BEGIN

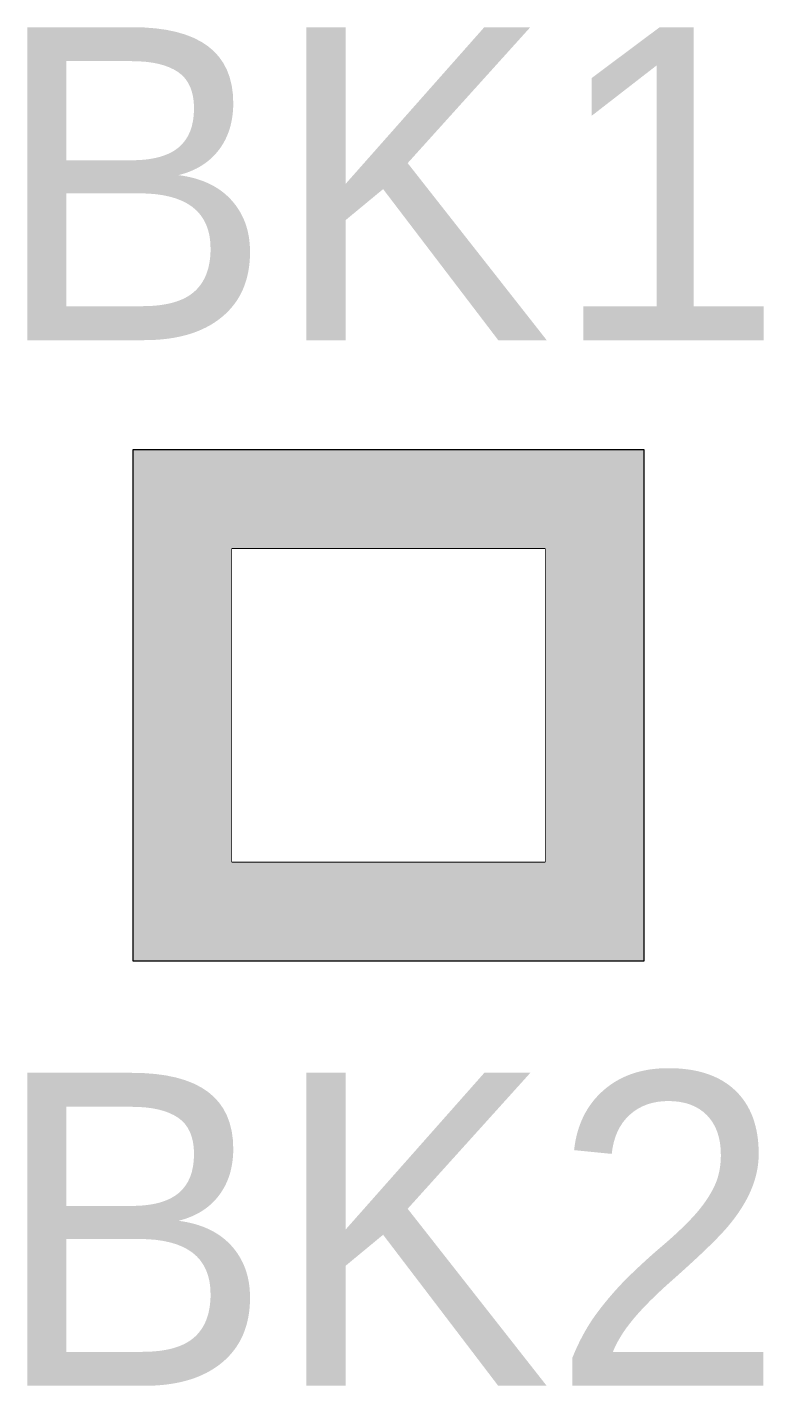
# Model space of a CAD drawing. Header units: metres. Extents: x -0.35 to 0.36, y -0.65 to 0.65.
import ezdxf
from ezdxf.enums import TextEntityAlignment as Align

# ---------------------------------------------------------------- set-up
doc = ezdxf.new("R2010")
doc.units = ezdxf.units.M
doc.styles.add('ISOPLUS', font='isoplus.shx')

msp = doc.modelspace()

# ---------------------------------------------------------------- hatches: boundary and pattern name
at = {"lineweight": -2}
h = msp.add_hatch(color=0, dxfattribs=at)
h.dxf.hatch_style = 1
h.paths.add_polyline_path([(0.245, 0.245), (-0.245, 0.245), (-0.245, -0.245), (0.245, -0.245)])
h.paths.add_polyline_path([(0.15, 0.15), (0.15, -0.15), (-0.15, -0.15), (-0.15, 0.15)], flags=16)

# ---------------------------------------------------------------- linework, layer by layer
at = {"color": 0, "lineweight": -2}
for points in [[(-0.245, -0.245), (0.245, -0.245), (0.245, 0.245), (-0.245, 0.245)], [(-0.15, -0.15), (0.15, -0.15), (0.15, 0.15), (-0.15, 0.15)]]:
    msp.add_lwpolyline(points, close=True, dxfattribs=at)

# ---------------------------------------------------------------- texts
at = {"color": 0, "lineweight": -2, "style": 'ISOPLUS'}
for tag, p in [('BK1', (0, 0.5)), ('BK2', (0, -0.5))]:
    msp.add_attdef(tag, text='', height=0.3, dxfattribs=at).set_placement(p, align=Align.MIDDLE)

# ---------------------------------------------------------------- next in the draw order: wipeouts: each hides what was drawn before it
at = {"color": 0, "lineweight": -2}
msp.add_wipeout([(-0.15, 0.15), (0.15, 0.15), (0.15, -0.15), (-0.15, -0.15)], dxfattribs=at)

doc.saveas('drawing.dxf')

END

> _WORK INSTRUCTIONS_: Pictures are to be left out while the lines from the beginning of the records through the line with "(-0.15, 0.15)], flags=16)" are copied word for word.

> _EXERCISE ANSWER_:
# Model space of a CAD drawing. Header units: metres. Extents: x -0.35 to 0.36, y -0.65 to 0.65.
import ezdxf
from ezdxf.enums import TextEntityAlignment as Align

# ---------------------------------------------------------------- set-up
doc = ezdxf.new("R2010")
doc.units = ezdxf.units.M
doc.styles.add('ISOPLUS', font='isoplus.shx')

msp = doc.modelspace()

# ---------------------------------------------------------------- hatches: boundary and pattern name
at = {"lineweight": -2}
h = msp.add_hatch(color=0, dxfattribs=at)
h.dxf.hatch_style = 1
h.paths.add_polyline_path([(0.245, 0.245), (-0.245, 0.245), (-0.245, -0.245), (0.245, -0.245)])
h.paths.add_polyline_path([(0.15, 0.15), (0.15, -0.15), (-0.15, -0.15), (-0.15, 0.15)], flags=16)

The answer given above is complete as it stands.